• **Assignment**:
Your output should be the complete listing, word for word, with no pictures in it.
┏━━
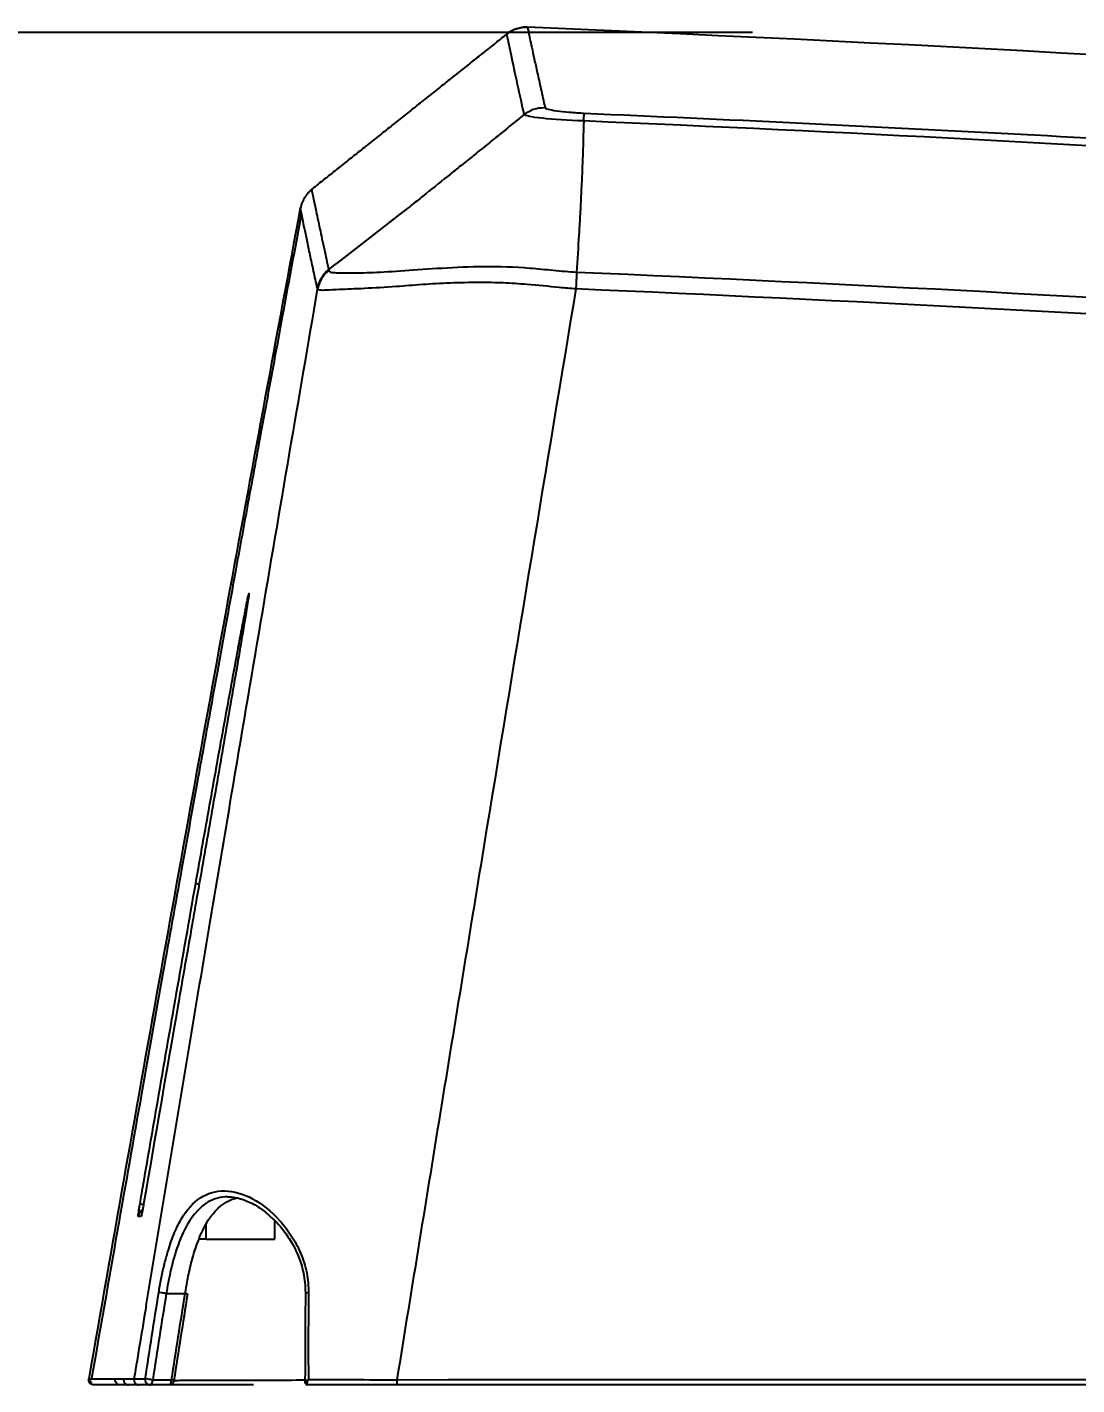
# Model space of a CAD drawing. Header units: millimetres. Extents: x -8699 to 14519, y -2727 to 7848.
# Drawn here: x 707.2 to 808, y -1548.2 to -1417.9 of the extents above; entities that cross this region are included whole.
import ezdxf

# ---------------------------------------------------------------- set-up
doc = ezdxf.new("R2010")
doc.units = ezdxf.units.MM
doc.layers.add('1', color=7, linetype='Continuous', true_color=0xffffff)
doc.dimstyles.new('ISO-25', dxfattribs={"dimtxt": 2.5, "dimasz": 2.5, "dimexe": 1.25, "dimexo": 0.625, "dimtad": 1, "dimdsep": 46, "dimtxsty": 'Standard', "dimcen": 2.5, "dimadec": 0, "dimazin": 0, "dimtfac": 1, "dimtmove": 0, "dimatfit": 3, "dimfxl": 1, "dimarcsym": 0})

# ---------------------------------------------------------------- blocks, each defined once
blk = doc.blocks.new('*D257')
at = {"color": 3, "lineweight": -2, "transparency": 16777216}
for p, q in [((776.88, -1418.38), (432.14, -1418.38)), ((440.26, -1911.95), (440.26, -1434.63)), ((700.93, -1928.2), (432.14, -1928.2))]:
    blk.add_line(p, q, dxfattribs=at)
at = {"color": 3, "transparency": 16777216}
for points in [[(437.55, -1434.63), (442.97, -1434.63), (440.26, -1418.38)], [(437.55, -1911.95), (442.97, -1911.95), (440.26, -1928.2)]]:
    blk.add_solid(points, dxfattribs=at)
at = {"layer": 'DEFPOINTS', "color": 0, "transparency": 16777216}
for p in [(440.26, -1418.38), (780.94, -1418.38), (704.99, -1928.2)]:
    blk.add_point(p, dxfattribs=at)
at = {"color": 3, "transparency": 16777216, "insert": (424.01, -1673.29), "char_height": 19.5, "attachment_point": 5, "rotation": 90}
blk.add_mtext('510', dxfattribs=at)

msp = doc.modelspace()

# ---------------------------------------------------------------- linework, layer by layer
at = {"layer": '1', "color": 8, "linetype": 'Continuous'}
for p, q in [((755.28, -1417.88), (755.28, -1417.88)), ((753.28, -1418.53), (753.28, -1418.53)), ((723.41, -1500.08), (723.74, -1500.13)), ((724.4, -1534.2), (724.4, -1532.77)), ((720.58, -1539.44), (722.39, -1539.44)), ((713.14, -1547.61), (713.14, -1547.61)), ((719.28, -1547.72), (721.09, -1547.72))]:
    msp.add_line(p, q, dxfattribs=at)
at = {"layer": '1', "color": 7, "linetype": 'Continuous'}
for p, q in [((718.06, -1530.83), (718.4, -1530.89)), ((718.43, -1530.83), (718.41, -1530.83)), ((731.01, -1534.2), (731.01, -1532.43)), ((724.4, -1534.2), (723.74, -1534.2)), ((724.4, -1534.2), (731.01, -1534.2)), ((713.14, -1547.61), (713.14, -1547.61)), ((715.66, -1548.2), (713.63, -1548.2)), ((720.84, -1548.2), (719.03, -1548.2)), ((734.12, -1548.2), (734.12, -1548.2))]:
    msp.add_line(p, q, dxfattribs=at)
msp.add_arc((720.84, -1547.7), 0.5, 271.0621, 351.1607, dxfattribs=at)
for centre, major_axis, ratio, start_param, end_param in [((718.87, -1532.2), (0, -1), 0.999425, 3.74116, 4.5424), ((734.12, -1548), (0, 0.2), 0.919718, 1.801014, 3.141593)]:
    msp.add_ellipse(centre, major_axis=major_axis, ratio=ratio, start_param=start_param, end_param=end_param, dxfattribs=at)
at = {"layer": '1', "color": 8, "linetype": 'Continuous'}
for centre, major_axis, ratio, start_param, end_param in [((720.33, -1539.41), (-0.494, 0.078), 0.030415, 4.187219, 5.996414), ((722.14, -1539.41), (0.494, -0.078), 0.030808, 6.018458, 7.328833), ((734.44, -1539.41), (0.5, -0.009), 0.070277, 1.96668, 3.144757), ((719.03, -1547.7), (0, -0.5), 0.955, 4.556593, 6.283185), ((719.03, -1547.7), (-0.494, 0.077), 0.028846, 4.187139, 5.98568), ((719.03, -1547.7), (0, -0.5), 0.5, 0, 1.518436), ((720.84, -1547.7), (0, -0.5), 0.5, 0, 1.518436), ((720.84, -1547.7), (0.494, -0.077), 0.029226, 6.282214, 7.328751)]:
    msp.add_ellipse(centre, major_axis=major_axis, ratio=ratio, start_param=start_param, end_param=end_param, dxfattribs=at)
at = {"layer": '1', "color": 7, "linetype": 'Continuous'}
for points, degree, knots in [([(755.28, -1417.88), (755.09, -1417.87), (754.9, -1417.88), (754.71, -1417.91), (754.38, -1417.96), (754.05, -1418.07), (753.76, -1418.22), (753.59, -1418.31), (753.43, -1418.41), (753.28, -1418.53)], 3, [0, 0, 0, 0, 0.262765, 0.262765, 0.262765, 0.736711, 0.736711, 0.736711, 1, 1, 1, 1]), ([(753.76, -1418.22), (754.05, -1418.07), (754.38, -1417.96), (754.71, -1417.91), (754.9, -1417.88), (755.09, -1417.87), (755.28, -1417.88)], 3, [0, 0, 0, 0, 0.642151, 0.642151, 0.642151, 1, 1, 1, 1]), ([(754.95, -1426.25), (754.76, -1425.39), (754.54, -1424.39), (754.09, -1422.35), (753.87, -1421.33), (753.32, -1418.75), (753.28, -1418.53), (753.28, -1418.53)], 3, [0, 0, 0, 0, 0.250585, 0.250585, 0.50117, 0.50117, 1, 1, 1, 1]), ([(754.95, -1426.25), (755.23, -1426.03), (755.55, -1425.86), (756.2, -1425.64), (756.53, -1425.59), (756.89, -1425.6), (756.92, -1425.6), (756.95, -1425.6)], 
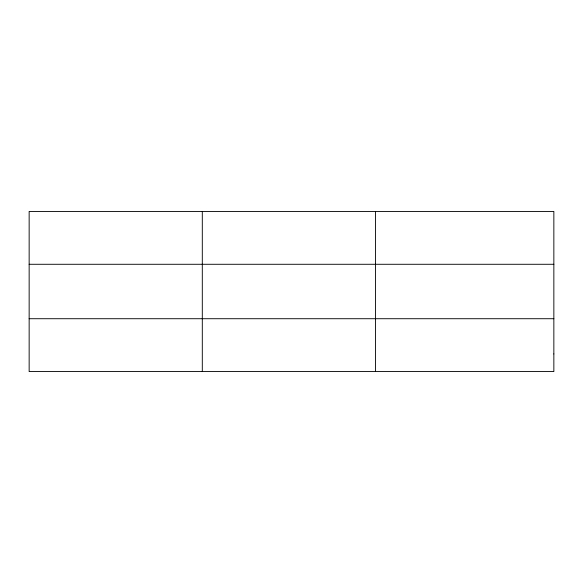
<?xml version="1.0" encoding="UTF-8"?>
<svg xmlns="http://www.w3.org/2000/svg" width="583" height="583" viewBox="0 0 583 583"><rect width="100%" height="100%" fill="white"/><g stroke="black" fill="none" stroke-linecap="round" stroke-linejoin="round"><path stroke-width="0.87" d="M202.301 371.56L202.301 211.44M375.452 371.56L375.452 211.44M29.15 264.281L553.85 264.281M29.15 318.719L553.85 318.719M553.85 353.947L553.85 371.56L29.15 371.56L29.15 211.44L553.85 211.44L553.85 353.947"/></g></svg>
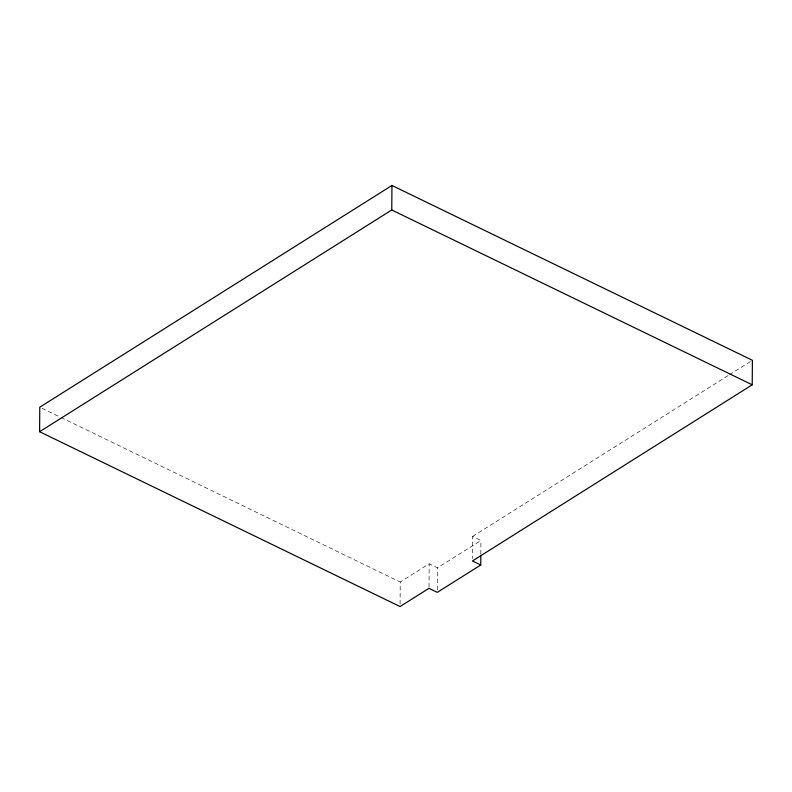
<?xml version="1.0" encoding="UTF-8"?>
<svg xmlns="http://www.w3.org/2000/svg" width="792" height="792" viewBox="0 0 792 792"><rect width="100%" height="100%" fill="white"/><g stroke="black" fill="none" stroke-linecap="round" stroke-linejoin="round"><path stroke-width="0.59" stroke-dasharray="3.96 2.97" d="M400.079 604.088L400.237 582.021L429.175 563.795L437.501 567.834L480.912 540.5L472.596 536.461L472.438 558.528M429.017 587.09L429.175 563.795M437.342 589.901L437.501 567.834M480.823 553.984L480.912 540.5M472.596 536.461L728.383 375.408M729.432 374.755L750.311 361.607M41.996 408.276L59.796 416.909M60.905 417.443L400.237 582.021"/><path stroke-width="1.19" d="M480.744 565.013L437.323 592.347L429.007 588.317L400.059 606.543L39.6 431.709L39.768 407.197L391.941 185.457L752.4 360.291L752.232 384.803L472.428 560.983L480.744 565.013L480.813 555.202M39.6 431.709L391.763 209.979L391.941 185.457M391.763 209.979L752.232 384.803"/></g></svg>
┗━━
• **Response**:
# Model space of a CAD drawing. Header units: millimetres. Extents: x -8699 to 14519, y -2727 to 7848.
# Drawn here: x 707.2 to 808, y -1548.2 to -1417.9 of the extents above; entities that cross this region are included whole.
import ezdxf

# ---------------------------------------------------------------- set-up
doc = ezdxf.new("R2010")
doc.units = ezdxf.units.MM
doc.layers.add('1', color=7, linetype='Continuous', true_color=0xffffff)
doc.dimstyles.new('ISO-25', dxfattribs={"dimtxt": 2.5, "dimasz": 2.5, "dimexe": 1.25, "dimexo": 0.625, "dimtad": 1, "dimdsep": 46, "dimtxsty": 'Standard', "dimcen": 2.5, "dimadec": 0, "dimazin": 0, "dimtfac": 1, "dimtmove": 0, "dimatfit": 3, "dimfxl": 1, "dimarcsym": 0})

# ---------------------------------------------------------------- blocks, each defined once
blk = doc.blocks.new('*D257')
at = {"color": 3, "lineweight": -2, "transparency": 16777216}
for p, q in [((776.88, -1418.38), (432.14, -1418.38)), ((440.26, -1911.95), (440.26, -1434.63)), ((700.93, -1928.2), (432.14, -1928.2))]:
    blk.add_line(p, q, dxfattribs=at)
at = {"color": 3, "transparency": 16777216}
for points in [[(437.55, -1434.63), (442.97, -1434.63), (440.26, -1418.38)], [(437.55, -1911.95), (442.97, -1911.95), (440.26, -1928.2)]]:
    blk.add_solid(points, dxfattribs=at)
at = {"layer": 'DEFPOINTS', "color": 0, "transparency": 16777216}
for p in [(440.26, -1418.38), (780.94, -1418.38), (704.99, -1928.2)]:
    blk.add_point(p, dxfattribs=at)
at = {"color": 3, "transparency": 16777216, "insert": (424.01, -1673.29), "char_height": 19.5, "attachment_point": 5, "rotation": 90}
blk.add_mtext('510', dxfattribs=at)

msp = doc.modelspace()

# ---------------------------------------------------------------- linework, layer by layer
at = {"layer": '1', "color": 8, "linetype": 'Continuous'}
for p, q in [((755.28, -1417.88), (755.28, -1417.88)), ((753.28, -1418.53), (753.28, -1418.53)), ((723.41, -1500.08), (723.74, -1500.13)), ((724.4, -1534.2), (724.4, -1532.77)), ((720.58, -1539.44), (722.39, -1539.44)), ((713.14, -1547.61), (713.14, -1547.61)), ((719.28, -1547.72), (721.09, -1547.72))]:
    msp.add_line(p, q, dxfattribs=at)
at = {"layer": '1', "color": 7, "linetype": 'Continuous'}
for p, q in [((718.06, -1530.83), (718.4, -1530.89)), ((718.43, -1530.83), (718.41, -1530.83)), ((731.01, -1534.2), (731.01, -1532.43)), ((724.4, -1534.2), (723.74, -1534.2)), ((724.4, -1534.2), (731.01, -1534.2)), ((713.14, -1547.61), (713.14, -1547.61)), ((715.66, -1548.2), (713.63, -1548.2)), ((720.84, -1548.2), (719.03, -1548.2)), ((734.12, -1548.2), (734.12, -1548.2))]:
    msp.add_line(p, q, dxfattribs=at)
msp.add_arc((720.84, -1547.7), 0.5, 271.0621, 351.1607, dxfattribs=at)
for centre, major_axis, ratio, start_param, end_param in [((718.87, -1532.2), (0, -1), 0.999425, 3.74116, 4.5424), ((734.12, -1548), (0, 0.2), 0.919718, 1.801014, 3.141593)]:
    msp.add_ellipse(centre, major_axis=major_axis, ratio=ratio, start_param=start_param, end_param=end_param, dxfattribs=at)
at = {"layer": '1', "color": 8, "linetype": 'Continuous'}
for centre, major_axis, ratio, start_param, end_param in [((720.33, -1539.41), (-0.494, 0.078), 0.030415, 4.187219, 5.996414), ((722.14, -1539.41), (0.494, -0.078), 0.030808, 6.018458, 7.328833), ((734.44, -1539.41), (0.5, -0.009), 0.070277, 1.96668, 3.144757), ((719.03, -1547.7), (0, -0.5), 0.955, 4.556593, 6.283185), ((719.03, -1547.7), (-0.494, 0.077), 0.028846, 4.187139, 5.98568), ((719.03, -1547.7), (0, -0.5), 0.5, 0, 1.518436), ((720.84, -1547.7), (0, -0.5), 0.5, 0, 1.518436), ((720.84, -1547.7), (0.494, -0.077), 0.029226, 6.282214, 7.328751)]:
    msp.add_ellipse(centre, major_axis=major_axis, ratio=ratio, start_param=start_param, end_param=end_param, dxfattribs=at)
at = {"layer": '1', "color": 7, "linetype": 'Continuous'}
for points, degree, knots in [([(755.28, -1417.88), (755.09, -1417.87), (754.9, -1417.88), (754.71, -1417.91), (754.38, -1417.96), (754.05, -1418.07), (753.76, -1418.22), (753.59, -1418.31), (753.43, -1418.41), (753.28, -1418.53)], 3, [0, 0, 0, 0, 0.262765, 0.262765, 0.262765, 0.736711, 0.736711, 0.736711, 1, 1, 1, 1]), ([(753.76, -1418.22), (754.05, -1418.07), (754.38, -1417.96), (754.71, -1417.91), (754.9, -1417.88), (755.09, -1417.87), (755.28, -1417.88)], 3, [0, 0, 0, 0, 0.642151, 0.642151, 0.642151, 1, 1, 1, 1]), ([(754.95, -1426.25), (754.76, -1425.39), (754.54, -1424.39), (754.09, -1422.35), (753.87, -1421.33), (753.32, -1418.75), (753.28, -1418.53), (753.28, -1418.53)], 3, [0, 0, 0, 0, 0.250585, 0.250585, 0.50117, 0.50117, 1, 1, 1, 1]), ([(754.95, -1426.25), (755.23, -1426.03), (755.55, -1425.86), (756.2, -1425.64), (756.53, -1425.59), (756.89, -1425.6), (756.92, -1425.6), (756.95, -1425.6)], 
<?xml version="1.0" encoding="UTF-8"?>
<svg xmlns="http://www.w3.org/2000/svg" width="583" height="583" viewBox="0 0 583 583"><rect width="100%" height="100%" fill="white"/><g stroke="black" fill="none" stroke-linecap="round" stroke-linejoin="round"><path stroke-width="0.87" d="M202.301 371.56L202.301 211.44M375.452 371.56L375.452 211.44M29.15 264.281L553.85 264.281M29.15 318.719L553.85 318.719M553.85 353.947L553.85 371.56L29.15 371.56L29.15 211.44L553.85 211.44L553.85 353.947"/></g></svg>
<?xml version="1.0" encoding="UTF-8"?>
<svg xmlns="http://www.w3.org/2000/svg" width="792" height="792" viewBox="0 0 792 792"><rect width="100%" height="100%" fill="white"/><g stroke="black" fill="none" stroke-linecap="round" stroke-linejoin="round"><path stroke-width="0.59" stroke-dasharray="3.96 2.97" d="M400.079 604.088L400.237 582.021L429.175 563.795L437.501 567.834L480.912 540.5L472.596 536.461L472.438 558.528M429.017 587.09L429.175 563.795M437.342 589.901L437.501 567.834M480.823 553.984L480.912 540.5M472.596 536.461L728.383 375.408M729.432 374.755L750.311 361.607M41.996 408.276L59.796 416.909M60.905 417.443L400.237 582.021"/><path stroke-width="1.19" d="M480.744 565.013L437.323 592.347L429.007 588.317L400.059 606.543L39.6 431.709L39.768 407.197L391.941 185.457L752.4 360.291L752.232 384.803L472.428 560.983L480.744 565.013L480.813 555.202M39.6 431.709L391.763 209.979L391.941 185.457M391.763 209.979L752.232 384.803"/></g></svg>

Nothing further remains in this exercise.